L’Italia è purtroppo da tempo un paese particolarmente afflitto dalla piaga della violenza domestica, che spesso sfocia in casi di femminicidio. All’inizio della quarantena si è registrata una diminuzione delle richieste di aiuto da parte delle donne vittime di violenza domestica attraverso i canali ufficiali. Tuttavia tale diminuzione è stata accompagnata da un aumento della gravità dei crimini denunciati. Ciò testimonia come le vittime di violenza domestica, già in difficoltà a chiedere aiuto in condizioni “normali”, non riuscissero a denunciare i soprusi finché questi non arrivavano a livelli di violenza particolarmente elevati. Nelle prime settimane di marzo si è inoltre registrato un alto numero di casi di femminicidio. Fortunatamente le campagne di sensibilizzazione del Governo e di altre associazioni hanno fatto sì che le donne trovassero la forza e i mezzi necessari per denunciare gli abusi subiti con maggiore sicurezza. Oltre al numero verde 1522 è stata attivata anche la possibilità di chiedere aiuto tramite il sito ufficiale del 1522 e l’applicazione YouPol della Polizia di Stato. Inoltre è stata portata avanti una campagna di sensibilizzazione tramite affissione e distribuzione di materiale informativo presso le farmacie in accordo con la Federazione degli Ordini dei Farmacisti, Federfarma e Assofarm. Tutto questo ha portato alla luce la reale gravità della situazione delle donne italiane. I casi denunciati sono infatti aumentati esponenzialmente se confrontati con quelli dello stesso periodo dello scorso anno e con i mesi precedenti l’inizio della pandemia.
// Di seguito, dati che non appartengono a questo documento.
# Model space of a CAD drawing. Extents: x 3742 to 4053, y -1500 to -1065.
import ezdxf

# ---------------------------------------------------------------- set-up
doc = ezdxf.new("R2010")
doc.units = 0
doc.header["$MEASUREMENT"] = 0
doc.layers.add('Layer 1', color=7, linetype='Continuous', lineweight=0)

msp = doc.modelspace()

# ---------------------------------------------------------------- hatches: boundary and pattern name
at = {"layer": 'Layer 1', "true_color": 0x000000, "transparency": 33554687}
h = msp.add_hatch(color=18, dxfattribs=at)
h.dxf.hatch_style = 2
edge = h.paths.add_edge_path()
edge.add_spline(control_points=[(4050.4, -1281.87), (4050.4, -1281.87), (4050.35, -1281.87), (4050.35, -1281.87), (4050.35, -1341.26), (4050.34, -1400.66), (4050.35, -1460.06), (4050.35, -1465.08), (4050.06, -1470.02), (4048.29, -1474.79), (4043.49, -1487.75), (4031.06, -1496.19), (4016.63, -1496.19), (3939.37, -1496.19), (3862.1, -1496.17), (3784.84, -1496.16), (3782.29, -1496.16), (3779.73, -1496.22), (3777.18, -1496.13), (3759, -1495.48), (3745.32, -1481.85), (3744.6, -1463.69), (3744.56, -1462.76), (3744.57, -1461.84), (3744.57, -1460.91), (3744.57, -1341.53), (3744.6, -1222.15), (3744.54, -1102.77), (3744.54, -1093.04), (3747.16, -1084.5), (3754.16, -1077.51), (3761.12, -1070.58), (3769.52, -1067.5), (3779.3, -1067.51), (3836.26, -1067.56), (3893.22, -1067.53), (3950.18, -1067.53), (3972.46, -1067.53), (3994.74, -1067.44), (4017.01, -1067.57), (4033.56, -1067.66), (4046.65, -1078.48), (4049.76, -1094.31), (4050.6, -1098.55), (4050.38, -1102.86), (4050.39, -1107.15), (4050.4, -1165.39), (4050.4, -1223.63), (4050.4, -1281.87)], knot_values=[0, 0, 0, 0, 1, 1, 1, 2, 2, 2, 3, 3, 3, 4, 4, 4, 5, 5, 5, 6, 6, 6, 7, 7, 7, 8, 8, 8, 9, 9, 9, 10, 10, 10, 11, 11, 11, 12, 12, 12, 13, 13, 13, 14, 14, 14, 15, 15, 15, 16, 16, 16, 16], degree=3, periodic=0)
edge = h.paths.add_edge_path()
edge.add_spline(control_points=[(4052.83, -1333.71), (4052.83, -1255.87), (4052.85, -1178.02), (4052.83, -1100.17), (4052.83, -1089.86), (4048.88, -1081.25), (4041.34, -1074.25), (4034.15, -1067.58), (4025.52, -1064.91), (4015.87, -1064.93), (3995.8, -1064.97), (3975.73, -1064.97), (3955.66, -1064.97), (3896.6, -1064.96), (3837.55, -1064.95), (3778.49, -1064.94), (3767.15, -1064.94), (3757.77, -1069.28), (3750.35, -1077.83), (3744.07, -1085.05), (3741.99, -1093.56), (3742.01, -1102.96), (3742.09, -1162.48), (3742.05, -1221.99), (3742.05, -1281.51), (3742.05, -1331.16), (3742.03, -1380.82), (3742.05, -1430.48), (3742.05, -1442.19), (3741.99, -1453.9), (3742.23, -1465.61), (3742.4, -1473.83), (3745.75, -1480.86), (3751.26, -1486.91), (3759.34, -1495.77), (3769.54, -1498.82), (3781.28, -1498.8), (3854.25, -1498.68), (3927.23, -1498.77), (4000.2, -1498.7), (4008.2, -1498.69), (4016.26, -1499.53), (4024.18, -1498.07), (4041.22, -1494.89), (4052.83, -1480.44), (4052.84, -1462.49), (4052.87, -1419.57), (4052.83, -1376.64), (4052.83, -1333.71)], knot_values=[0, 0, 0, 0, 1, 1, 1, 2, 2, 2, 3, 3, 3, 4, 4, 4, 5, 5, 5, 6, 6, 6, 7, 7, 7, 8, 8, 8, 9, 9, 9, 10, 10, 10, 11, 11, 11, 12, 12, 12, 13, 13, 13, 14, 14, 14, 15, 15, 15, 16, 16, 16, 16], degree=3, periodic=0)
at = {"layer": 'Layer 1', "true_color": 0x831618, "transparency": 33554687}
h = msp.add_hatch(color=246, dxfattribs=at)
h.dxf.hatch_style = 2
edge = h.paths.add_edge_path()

I dati ufficiali sulla violenza domestica durante il coronavirus

Mentre i mesi di gennaio e febbraio 2020 hanno registrato una diminuzione delle richieste di aiuto al 1522 da parte delle donne vittime di violenza domestica sia rispetto agli stessi mesi del 2019 (circa del 25% tra gennaio 2019 e gennaio 2020) che rispetto alla media mensile delle chiamate del 2019 (587 telefonate), durante la quarantana da Covid-19 si è invece riscontrato un aumento delle segnalazioni al numero dedicato. Già nel mese di marzo si è riscontrato un aumento dei casi che sono passati dai 670 del marzo 2019 ai 716 di quest’anno. Ancora più significativo è stato l’aumento di segnalazioni riscontrato nei primi 18 giorni di aprile: i casi denunciati arrivano a 1037 rispetto ai “soli” 397 casi riscontrati nello stesso periodo del 2019. Inoltre è risultata importante la campagna di comunicazione attuata per diffondere la conoscenza dell’app “1522”. Infatti le segnalazione via chat sono aumentate drasticamente rispetto ai mesi antecedenti il lockdown. Si è passati da 37 segnalazioni a gennaio 2020 e 50 a febbraio 2020 a ben 143 denunce a marzo 2020 fino a 253 nei primi 18 giorni di aprile 2020. Numeri inquietanti che pongono ancora una volta l’accento sul problema della violenza domestica, incrementato dall’epidemia di coronavirus.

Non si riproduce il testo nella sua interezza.